House Approves Bill to Loosen Paycheck Protection Restrictions
The House has passed legislation, by an overwhelming margin, that would loosen some restrictions for implementing the federal Paycheck Protection Program, or PPP, which provides forgivable loans to assist small businesses stay afloat during the coronavirus pandemic.
The bill, which has strong support from engineering and construction contractor groups, was approved on May 28 on a 417-1 vote. It was the first use of a newly installed House rule allowing lawmakers to vote by proxy. [View bill text here.]
The focus now will turn to the Senate, where a proposal that would make more modest changes than the House version surfaced just before the Memorial Day break.
A key element of the House measure, authored by Reps. Dean Phillips (D-Minn.) and Chip Roy (R-Texas), is a change in how PPP loan recipients must spend the proceeds.
Under the bill, at least 60% of the loan dollars must go for payroll. That's down from the 75% minimum share for payroll now.
An earlier version of the bill would have removed the current 75% payroll requirement altogether.
But that provision drew sharp criticism from a coalition of 17 labor unions, including the operating engineers' and painters' unions, both affiliates of North America’s Building Trades Unions.
Business groups would have preferred the original language ending the 75% mandate.
Peter Comstock, Associated Builders and Contractors director of legislative affairs, said in an interview, “Ideally, we would like businesses to have the flexibility they need to use these funds the way they see fit and the way that will ensure that their businesses are able to survive.”
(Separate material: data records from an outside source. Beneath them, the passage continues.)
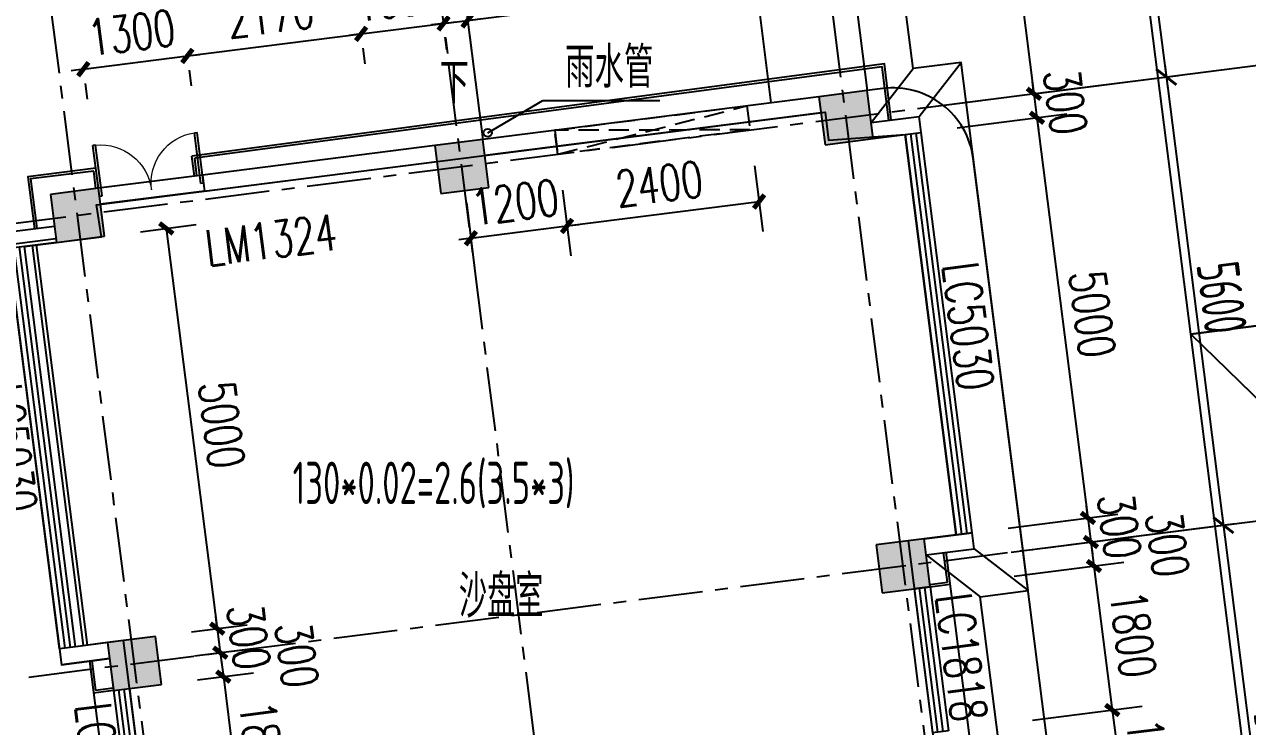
# Model space of a CAD drawing. Header units: millimetres. Extents: x -1048436 to -185795, y -983427 to 400387.
# Drawn here: x -692365 to -677211, y -466100 to -457398 of the extents above; entities that cross this region are included whole.
import ezdxf

# ---------------------------------------------------------------- set-up
doc = ezdxf.new("R2010")
doc.units = ezdxf.units.MM
doc.header["$LTSCALE"] = 500
for name, pattern in [('( Dashed )', [0.75, 0.5, -0.25]), ('DASH', [0.35, 0.25, -0.1]), ('一层轴网$0$CENTER', [50.8, 31.75, -6.35, 6.35, -6.35])]:
    doc.linetypes.add(name, pattern=pattern)
for name, color, linetype in [('COLUMN', 254, 'Continuous'), ('DIM_LEAD', 3, 'Continuous'), ('DIM_SYMB', 3, 'Continuous'), ('PUB_DIM', 3, 'Continuous'), ('PUB_HATCH', 8, 'Continuous'), ('PUB_TEXT', 7, 'Continuous'), ('WINDOW', 4, 'Continuous'), ('WINDOW_TEXT', 7, 'Continuous'), ('一层轴网$0$建-符号', 150, 'Continuous'), ('一层轴网$0$建-轴线', 1, '一层轴网$0$CENTER'), ('室外道路', 44, 'Continuous'), ('建-墙', 254, 'Continuous'), ('建-屋面-排水沟落水口', 175, 'Continuous'), ('建-幕墙', 140, 'Continuous'), ('建-平面-家具', 251, 'Continuous'), ('建-文字', 4, 'Continuous'), ('建-楼梯-扶手栏杆', 3, 'Continuous'), ('建-符号-门编号', 13, 'Continuous'), ('建-门扇', 32, 'Continuous'), ('景-平面-绿化填充', 56, 'Continuous'), ('连廊柱子', 255, 'Continuous')]:
    doc.layers.add(name, color=color, linetype=linetype)
doc.layers.add('建-非打-01', color=6, linetype='Continuous', plot=False)
doc.styles.add('_TCH_DIM', font='SIMPLEX', dxfattribs={"bigfont": 'GBCBIG'})
doc.styles.add('_TCH_DIM_T3', font='SIMPLEX', dxfattribs={"width": 0.705882, "bigfont": 'GBCBIG'})
doc.styles.add('_TCH_WINDOW', font='SIMPLEX', dxfattribs={"height": 3.5, "bigfont": 'GBCBIG'})
doc.styles.add('XD2008', font='xd-hzs.shx', dxfattribs={"width": 0.7, "bigfont": 'xd-hztxt.shx'})
doc.styles.add('一层轴网$0$XD2008_T3', font='xd-hzs.shx', dxfattribs={"width": 0.7, "bigfont": 'xd-hztxt.shx'})
doc.dimstyles.new('_TCH_ARCH&&150', dxfattribs={"dimtxt": 446.25, "dimasz": 150, "dimexe": 375, "dimexo": 450, "dimgap": 150, "dimtad": 1, "dimdec": 0, "dimzin": 0, "dimdsep": 46, "dimtxsty": '_TCH_DIM_T3', "dimblk": 'ARCHTICK', "dimcen": 0.09, "dimclrt": 7, "dimazin": 2, "dimtfac": 1, "dimtdec": 0, "dimtix": 1, "dimtmove": 2, "dimatfit": 3, "dimldrblk": 'ARCHTICK', "dimfxl": 1, "dimtolj": 1, "dimtzin": 0, "dimarcsym": 0})
doc.dimstyles.new('一层轴网$0$XD100&&150', dxfattribs={"dimtxt": 525, "dimasz": 225, "dimexe": 150, "dimexo": 150, "dimgap": 75, "dimtad": 1, "dimdec": 0, "dimdsep": 46, "dimtxsty": '一层轴网$0$XD2008_T3', "dimblk": '一层轴网$0$_ARCHTICK', "dimcen": 2.5, "dimdle": 150, "dimclrt": 7, "dimaunit": 1, "dimadec": 0, "dimazin": 0, "dimtfac": 1, "dimtdec": 0, "dimtix": 1, "dimtmove": 0, "dimatfit": 3, "dimfxl": 1, "dimtolj": 1, "dimtzin": 0, "dimarcsym": 0})

# ---------------------------------------------------------------- blocks, each defined once
blk = doc.blocks.new('小班活动场地')
at = {"layer": '建-平面-家具', "linetype": 'Continuous'}
blk.add_line((1717412, 788374), (1726112, 795274), dxfattribs=at)
blk.add_lwpolyline([(1717412, 795274), (1726112, 795274), (1726112, 788374), (1717412, 788374), (1717412, 795274)], dxfattribs=at)
blk = doc.blocks.new('fdhgh')
at = {"layer": '景-平面-绿化填充'}
h = blk.add_hatch(dxfattribs=at)
h.set_pattern_fill('GRASS', color=256, scale=500, style=0)
h.set_pattern_definition([(90, (-26937.1, -803185.1), (-997.7955, 997.7955), [264.5807, -1731.0102]), (45, (-26937.1, -803185.1), (-997.7962, 997.7962), [264.5807, -1146.5161]), (135, (-26937.1, -803185.1), (-997.7962, -997.7962), [264.5807, -1146.5161])])
edge = h.paths.add_edge_path()
edge.add_line((-1391918, -533384), (-1391918, -500074))
edge.add_line((-1391918, -500074), (-1392920, -492192))
edge.add_line((-1392920, -492192), (-1460021, -492192))
edge.add_line((-1460021, -492192), (-1460021, -494283))
edge.add_arc((-1458021, -494283), 2000, 180, 270)
edge.add_line((-1458021, -496283), (-1434821, -496283))
edge.add_line((-1434821, -496283), (-1434821, -501283))
edge.add_line((-1434821, -501283), (-1452821, -501283))
edge.add_line((-1452821, -501283), (-1452821, -499283))
edge.add_line((-1452821, -499283), (-1458021, -499283))
edge.add_arc((-1458021, -501283), 2000, 90, 180)
edge.add_line((-1460021, -501283), (-1460021, -502283))
edge.add_line((-1460021, -502283), (-1406458, -502283))
edge.add_line((-1406458, -502283), (-1405476, -509988))
edge.add_line((-1405476, -509988), (-1405271, -509962))
edge.add_arc((-1405406, -508971), 1000, 277.7235, 360)
edge.add_line((-1404406, -508971), (-1404666, -506861))
edge.add_line((-1404666, -506861), (-1395440, -505688))
edge.add_line((-1395440, -505688), (-1393762, -518881))
edge.add_line((-1393762, -518881), (-1399615, -519626))
edge.add_arc((-1399489, -520618), 1000, 97.2475, 187.2475)
edge.add_line((-1400481, -520744), (-1400418, -521240))
edge.add_line((-1400418, -521240), (-1393573, -520369))
edge.add_line((-1393573, -520369), (-1391918, -533384))
edge = h.paths.add_edge_path()
edge.add_line((-1460644, -592730), (-1436235, -592730))
edge.add_line((-1436235, -592730), (-1436235, -590271))
edge.add_line((-1436235, -590271), (-1440973, -590271))
edge.add_line((-1440973, -590271), (-1440973, -582660))
edge.add_line((-1440973, -582660), (-1449771, -582659))
edge.add_line((-1449771, -582659), (-1449771, -583259))
edge.add_line((-1449771, -583259), (-1463873, -583259))
edge.add_line((-1463873, -583259), (-1463873, -584960))
edge.add_line((-1463873, -584960), (-1474580, -584960))
edge.add_line((-1474580, -584960), (-1476321, -583426))
edge.add_line((-1476321, -583426), (-1476321, -574192))
edge.add_line((-1476321, -574192), (-1481371, -574192))
edge.add_line((-1481371, -574192), (-1481371, -577350))
edge.add_arc((-1472371, -577350), 9000, 180, 247.0886)
edge.add_line((-1475875, -585640), (-1464599, -590406))
edge.add_arc((-1467358, -599627), 9626, 45.7713, 73.3481, ccw=False)
at = {"layer": '室外道路', "ltscale": 5}
blk.add_lwpolyline([(-1400747, -547189), (-1400549, -547163, 0.414214), (-1399683, -546045), (-1400919, -536323, 0.414214), (-1402037, -535458), (-1402236, -535483)], format="xyb", dxfattribs=at)
at = {"layer": '连廊柱子', "rotation": 277.2475270414458}
for p in [(-2398058, 1074362), (-2396961, 1065732)]:
    blk.add_blockref('小班活动场地', p, dxfattribs=at)
blk = doc.blocks.new('一层轴网$0$_ARCHTICK')
at = {"color": 0, "linetype": 'ByBlock', "const_width": 0.15}
blk.add_lwpolyline([(-0.5, -0.5), (0.5, 0.5)], dxfattribs=at)
blk = doc.blocks.new('*D2944')
at = {"layer": 'Defpoints', "color": 0, "transparency": 16777216}
for p in [(73229, 50230), (75145, 47046), (73657, 46857)]:
    blk.add_point(p, dxfattribs=at)
at = {"layer": '一层轴网$0$建-符号', "color": 0, "lineweight": -2, "transparency": 16777216}
for p, q in [((74697, 50568), (75164, 46897)), ((73377, 50248), (74865, 50438)), ((73806, 46876), (75294, 47065))]:
    blk.add_line(p, q, dxfattribs=at)
at = {"layer": '一层轴网$0$建-符号', "color": 0, "lineweight": -2, "transparency": 16777216, "xscale": 225, "yscale": 225, "zscale": 225}
for p, rotation in [((74716, 50419), 97.24752617045682), ((75145, 47046), 277.2475261704568)]:
    blk.add_blockref('一层轴网$0$_ARCHTICK', p, dxfattribs=dict(at, rotation=rotation))
at = {"layer": '一层轴网$0$建-符号', "color": 7, "transparency": 16777216, "insert": (75266, 48775), "char_height": 525, "attachment_point": 5, "rotation": 277.2475, "style": '一层轴网$0$XD2008_T3'}
blk.add_mtext('\\A1;3400', dxfattribs=at)
blk = doc.blocks.new('*D2945')
at = {"layer": 'Defpoints', "color": 0, "transparency": 16777216}
for p in [(73657, 46857), (75852, 41491), (74364, 41301)]:
    blk.add_point(p, dxfattribs=at)
at = {"layer": '一层轴网$0$建-符号', "color": 0, "lineweight": -2, "transparency": 16777216}
for p, q in [((75126, 47195), (75871, 41342)), ((73806, 46876), (75294, 47065)), ((74513, 41320), (76001, 41510))]:
    blk.add_line(p, q, dxfattribs=at)
at = {"layer": '一层轴网$0$建-符号', "color": 0, "lineweight": -2, "transparency": 16777216, "xscale": 225, "yscale": 225, "zscale": 225}
for p, rotation in [((75145, 47046), 97.24752617045677), ((75852, 41491), 277.2475261704568)]:
    blk.add_blockref('一层轴网$0$_ARCHTICK', p, dxfattribs=dict(at, rotation=rotation))
at = {"layer": '一层轴网$0$建-符号', "color": 7, "transparency": 16777216, "insert": (75833, 44311), "char_height": 525, "attachment_point": 5, "rotation": 277.2475, "style": '一层轴网$0$XD2008_T3'}
blk.add_mtext('\\A1;5600', dxfattribs=at)
blk = doc.blocks.new('*D2946')
at = {"layer": 'Defpoints', "color": 0, "transparency": 16777216}
for p in [(74364, 41301), (76558, 35935), (75070, 35746)]:
    blk.add_point(p, dxfattribs=at)
at = {"layer": '一层轴网$0$建-符号', "color": 0, "lineweight": -2, "transparency": 16777216}
for p, q in [((75833, 41639), (76577, 35787)), ((74513, 41320), (76001, 41510)), ((75219, 35765), (76707, 35954))]:
    blk.add_line(p, q, dxfattribs=at)
at = {"layer": '一层轴网$0$建-符号', "color": 0, "lineweight": -2, "transparency": 16777216, "xscale": 225, "yscale": 225, "zscale": 225}
for p, rotation in [((75852, 41491), 97.2475261704566), ((76558, 35935), 277.2475261704566)]:
    blk.add_blockref('一层轴网$0$_ARCHTICK', p, dxfattribs=dict(at, rotation=rotation))
at = {"layer": '一层轴网$0$建-符号', "color": 7, "transparency": 16777216, "insert": (76540, 38756), "char_height": 525, "attachment_point": 5, "rotation": 277.2475, "style": '一层轴网$0$XD2008_T3'}
blk.add_mtext('\\A1;5600', dxfattribs=at)
blk = doc.blocks.new('A$C06EE1D4D')
at = {"layer": 'DIM_LEAD'}
for p, q in [((135194, 81777), (135877, 82179)), ((135877, 82179), (137327, 82179))]:
    blk.add_line(p, q, dxfattribs=at)
at = {"layer": '建-屋面-排水沟落水口'}
blk.add_circle((135194, 81777), 50, dxfattribs=at)
at = {"layer": 'PUB_TEXT', "style": '_TCH_DIM'}
blk.add_text('雨水管', height=506.4, dxfattribs=at).set_placement((136153, 82337))
blk = doc.blocks.new('fgdfgd')
at = {"layer": '建-幕墙'}
for p, q in [((-480258, -459277), (-480290, -459029)), ((-480229, -459273), (-480256, -459055)), ((-481479, -459432), (-481506, -459214)), ((-481449, -459428), (-481480, -459180)), ((-471147, -464338), (-470929, -464310)), ((-471143, -464368), (-470895, -464336)), ((-481262, -465654), (-481510, -465686)), ((-481266, -465625), (-481484, -465652))]:
    blk.add_line(p, q, dxfattribs=at)
for points in [[(-471626, -458582), (-471711, -457887), (-480290, -459029)], [(-471656, -458586), (-471737, -457921), (-480256, -459055)], [(-481480, -459180), (-482324, -459286), (-482242, -459930)], [(-481506, -459214), (-482290, -459312), (-482212, -459927)], [(-478738, -471231), (-470157, -470139), (-470946, -463939)], [(-470929, -464310), (-470976, -463943)], [(-481560, -465289), (-480765, -471489), (-479929, -471382)], [(-481531, -465285), (-481484, -465652)]]:
    blk.add_lwpolyline(points, dxfattribs=at)
blk = doc.blocks.new('_ArchTick')
at = {"color": 0, "linetype": 'ByBlock', "const_width": 0.4}
blk.add_lwpolyline([(-0.5, -0.5), (0.5, 0.5)], dxfattribs=at)
blk = doc.blocks.new('*D2959')
at = {"layer": 'Defpoints', "color": 0, "transparency": 16777216}
for p in [(-683376, -458704), (-685756, -459007), (-683263, -459593)]:
    blk.add_point(p, dxfattribs=at)
at = {"layer": 'PUB_DIM', "color": 0, "lineweight": -2, "transparency": 16777216}
for p, q in [((-683319, -459150), (-683215, -459965)), ((-685700, -459453), (-685596, -460267)), ((-685643, -459895), (-683263, -459593))]:
    blk.add_line(p, q, dxfattribs=at)
at = {"layer": 'PUB_DIM', "color": 0, "lineweight": -2, "transparency": 16777216, "xscale": 150, "yscale": 150, "zscale": 150}
for p, rotation in [((-683263, -459593), 7.247526170407054), ((-685643, -459895), 187.247526170407)]:
    blk.add_blockref('_ArchTick', p, dxfattribs=dict(at, rotation=rotation))
at = {"layer": 'PUB_DIM', "color": 7, "transparency": 16777216, "insert": (-684500, -459374), "char_height": 446.2, "attachment_point": 5, "rotation": 7.2475, "style": '_TCH_DIM_T3'}
blk.add_mtext('\\A1;2400', dxfattribs=at)
blk = doc.blocks.new('*D2960')
at = {"layer": 'Defpoints', "color": 0, "transparency": 16777216}
for p in [(-685756, -459007), (-686947, -459158), (-685643, -459895)]:
    blk.add_point(p, dxfattribs=at)
at = {"layer": 'PUB_DIM', "color": 0, "lineweight": -2, "transparency": 16777216}
for p, q in [((-685700, -459453), (-685596, -460267)), ((-686890, -459605), (-686787, -460419)), ((-686834, -460047), (-685643, -459895)), ((-685643, -459895), (-685495, -459877)), ((-686834, -460047), (-686983, -460066))]:
    blk.add_line(p, q, dxfattribs=at)
at = {"layer": 'PUB_DIM', "color": 0, "lineweight": -2, "transparency": 16777216, "xscale": 150, "yscale": 150, "zscale": 150}
for p, rotation in [((-685643, -459895), 187.2475261704065), ((-686834, -460047), 7.247526170406521)]:
    blk.add_blockref('_ArchTick', p, dxfattribs=dict(at, rotation=rotation))
at = {"layer": 'PUB_DIM', "color": 7, "transparency": 16777216, "insert": (-686286, -459601), "char_height": 446.2, "attachment_point": 5, "rotation": 7.2475, "style": '_TCH_DIM_T3'}
blk.add_mtext('\\A1;1200', dxfattribs=at)
blk = doc.blocks.new('*D1716')
at = {"layer": 'Defpoints', "color": 0, "transparency": 16777216}
for p in [(-683338, -456622), (-683304, -456892), (-686909, -457076)]:
    blk.add_point(p, dxfattribs=at)
at = {"layer": 'PUB_DIM', "color": 0, "lineweight": -2, "transparency": 16777216}
for p, q in [((-686875, -457347), (-683304, -456892)), ((-683281, -457068), (-683256, -457264)), ((-686853, -457522), (-686828, -457719))]:
    blk.add_line(p, q, dxfattribs=at)
at = {"layer": 'PUB_DIM', "color": 0, "lineweight": -2, "transparency": 16777216, "xscale": 150, "yscale": 150, "zscale": 150}
for p, rotation in [((-683304, -456892), 7.247525010261403), ((-686875, -457347), 187.2475250102614)]:
    blk.add_blockref('_ArchTick', p, dxfattribs=dict(at, rotation=rotation))
at = {"layer": 'PUB_DIM', "color": 7, "transparency": 16777216, "insert": (-685136, -456749), "char_height": 446.2, "attachment_point": 5, "rotation": 7.2475, "style": '_TCH_DIM_T3'}
blk.add_mtext('\\A1;3600', dxfattribs=at)
blk = doc.blocks.new('*D1717')
at = {"layer": 'Defpoints', "color": 0, "transparency": 16777216}
for p in [(-687207, -457114), (-686909, -457076), (-686875, -457347)]:
    blk.add_point(p, dxfattribs=at)
at = {"layer": 'PUB_DIM', "color": 0, "lineweight": -2, "transparency": 16777216}
for p, q in [((-687172, -457384), (-686875, -457347)), ((-686875, -457347), (-686726, -457328)), ((-687172, -457384), (-687321, -457403)), ((-687150, -457560), (-687125, -457756)), ((-686853, -457522), (-686828, -457719))]:
    blk.add_line(p, q, dxfattribs=at)
at = {"layer": 'PUB_DIM', "color": 0, "lineweight": -2, "transparency": 16777216, "xscale": 150, "yscale": 150, "zscale": 150}
for p, rotation in [((-687172, -457384), 7.247525010258303), ((-686875, -457347), 187.2475250102583)]:
    blk.add_blockref('_ArchTick', p, dxfattribs=dict(at, rotation=rotation))
at = {"layer": 'PUB_DIM', "color": 7, "transparency": 16777216, "insert": (-686512, -456740), "char_height": 446.2, "attachment_point": 5, "rotation": 7.2475, "style": '_TCH_DIM_T3'}
blk.add_mtext('\\A1;300', dxfattribs=at)
blk = doc.blocks.new('*D1718')
at = {"layer": 'Defpoints', "color": 0, "transparency": 16777216}
for p in [(-687207, -457114), (-688229, -457244), (-687172, -457384)]:
    blk.add_point(p, dxfattribs=at)
at = {"layer": 'PUB_DIM', "color": 0, "lineweight": -2, "transparency": 16777216}
for p, q in [((-688194, -457514), (-687172, -457384)), ((-687172, -457384), (-687024, -457365)), ((-688194, -457514), (-688343, -457533)), ((-687150, -457560), (-687125, -457756)), ((-688172, -457690), (-688147, -457886))]:
    blk.add_line(p, q, dxfattribs=at)
at = {"layer": 'PUB_DIM', "color": 0, "lineweight": -2, "transparency": 16777216, "xscale": 150, "yscale": 150, "zscale": 150}
for p, rotation in [((-687172, -457384), 187.2475250102626), ((-688194, -457514), 7.247525010262539)]:
    blk.add_blockref('_ArchTick', p, dxfattribs=dict(at, rotation=rotation))
at = {"layer": 'PUB_DIM', "color": 7, "transparency": 16777216, "insert": (-687730, -457079), "char_height": 446.2, "attachment_point": 5, "rotation": 7.2475, "style": '_TCH_DIM_T3'}
blk.add_mtext('\\A1;1030', dxfattribs=at)
blk = doc.blocks.new('*D1719')
at = {"layer": 'Defpoints', "color": 0, "transparency": 16777216}
for p in [(-688229, -457244), (-690381, -457517), (-688194, -457514)]:
    blk.add_point(p, dxfattribs=at)
at = {"layer": 'PUB_DIM', "color": 0, "lineweight": -2, "transparency": 16777216}
for p, q in [((-690347, -457788), (-688194, -457514)), ((-688172, -457690), (-688147, -457886)), ((-690325, -457964), (-690300, -458160))]:
    blk.add_line(p, q, dxfattribs=at)
at = {"layer": 'PUB_DIM', "color": 0, "lineweight": -2, "transparency": 16777216, "xscale": 150, "yscale": 150, "zscale": 150}
for p, rotation in [((-688194, -457514), 7.247525010260373), ((-690347, -457788), 187.2475250102604)]:
    blk.add_blockref('_ArchTick', p, dxfattribs=dict(at, rotation=rotation))
at = {"layer": 'PUB_DIM', "color": 7, "transparency": 16777216, "insert": (-689318, -457281), "char_height": 446.2, "attachment_point": 5, "rotation": 7.2475, "style": '_TCH_DIM_T3'}
blk.add_mtext('\\A1;2170', dxfattribs=at)
blk = doc.blocks.new('*D1720')
at = {"layer": 'Defpoints', "color": 0, "transparency": 16777216}
for p in [(-690381, -457517), (-691671, -457681), (-690347, -457788)]:
    blk.add_point(p, dxfattribs=at)
at = {"layer": 'PUB_DIM', "color": 0, "lineweight": -2, "transparency": 16777216}
for p, q in [((-691636, -457952), (-690347, -457788)), ((-690347, -457788), (-690198, -457769)), ((-691636, -457952), (-691785, -457971)), ((-690325, -457964), (-690300, -458160)), ((-691614, -458128), (-691589, -458324))]:
    blk.add_line(p, q, dxfattribs=at)
at = {"layer": 'PUB_DIM', "color": 0, "lineweight": -2, "transparency": 16777216, "xscale": 150, "yscale": 150, "zscale": 150}
for p, rotation in [((-690347, -457788), 187.247525010262), ((-691636, -457952), 7.247525010261979)]:
    blk.add_blockref('_ArchTick', p, dxfattribs=dict(at, rotation=rotation))
at = {"layer": 'PUB_DIM', "color": 7, "transparency": 16777216, "insert": (-691039, -457500), "char_height": 446.2, "attachment_point": 5, "rotation": 7.2475, "style": '_TCH_DIM_T3'}
blk.add_mtext('\\A1;1300', dxfattribs=at)
blk = doc.blocks.new('*D1736')
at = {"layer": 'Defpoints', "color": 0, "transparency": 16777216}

But Comstock calls the final version’s 60% payroll minimum “a fair compromise.”
Among the House bill's other provisions is language to permit companies receiving PPP loans to have proceeds forgiven for expenses incurred during a 24-week period, compared with an eight-week period now.
Borrowers still would have the option to stick with the eight-week span.
In addition, PPP borrowers who don't seek or qualify for loan forgiveness would see their loans mature in five years, compared with two years now.
All PPP borrowers also would be able to fully defer payroll taxes through December.
ACEC, AGC comments
Jeff Urbanchuk, a spokesman for the American Council of Engineering Companies, said via email that the extension of the forgiveness period to 24 weeks “is particularly needed, as it gives engineering firms the ability to fully use the loan proceeds on allowable expenses.”
ACEC also supports the provision extending the repayment period to five years and language allowing the use of the eight-week period for forgiveness if borrowers prefer.
Brian Turmail, an Associated General Contractors of America spokesman, said via email that the House measure "is exactly what we would like to see enacted."
AGC said the House legislation should create construction jobs and help financially struggling firms, through provisions such as the extended 24-week coverage-period and loan maturity, as well as the 60% payroll minimum.
In the Senate, a bill backed by Sens. Marco Rubio (R-Fla.), Ben Cardin (D-Md.) and Susan Collins (R-Maine), among others, includes the extended deadline for applying for PPP loans.
But it would allow borrowers to use PPP loan funds for just 16 weeks, compared with the House version's 24 weeks.
Congress created PPP in the Coronavirus Aid, Relief and Economic Security, or CARES, Act, which President Trump signed into law on March 27. The CARES Act provided $349 billion for the program, but all of that money was committed in less than two weeks. Construction firms received the largest share of that sum among industries, with $44.9 billion.
Congress then added $310 billion for PPP in a new measure, enacted on April 24.
The Small Business Administration, which administers PPP, says that through May 27, $510.5 billion in loans had been approved for the two rounds combined.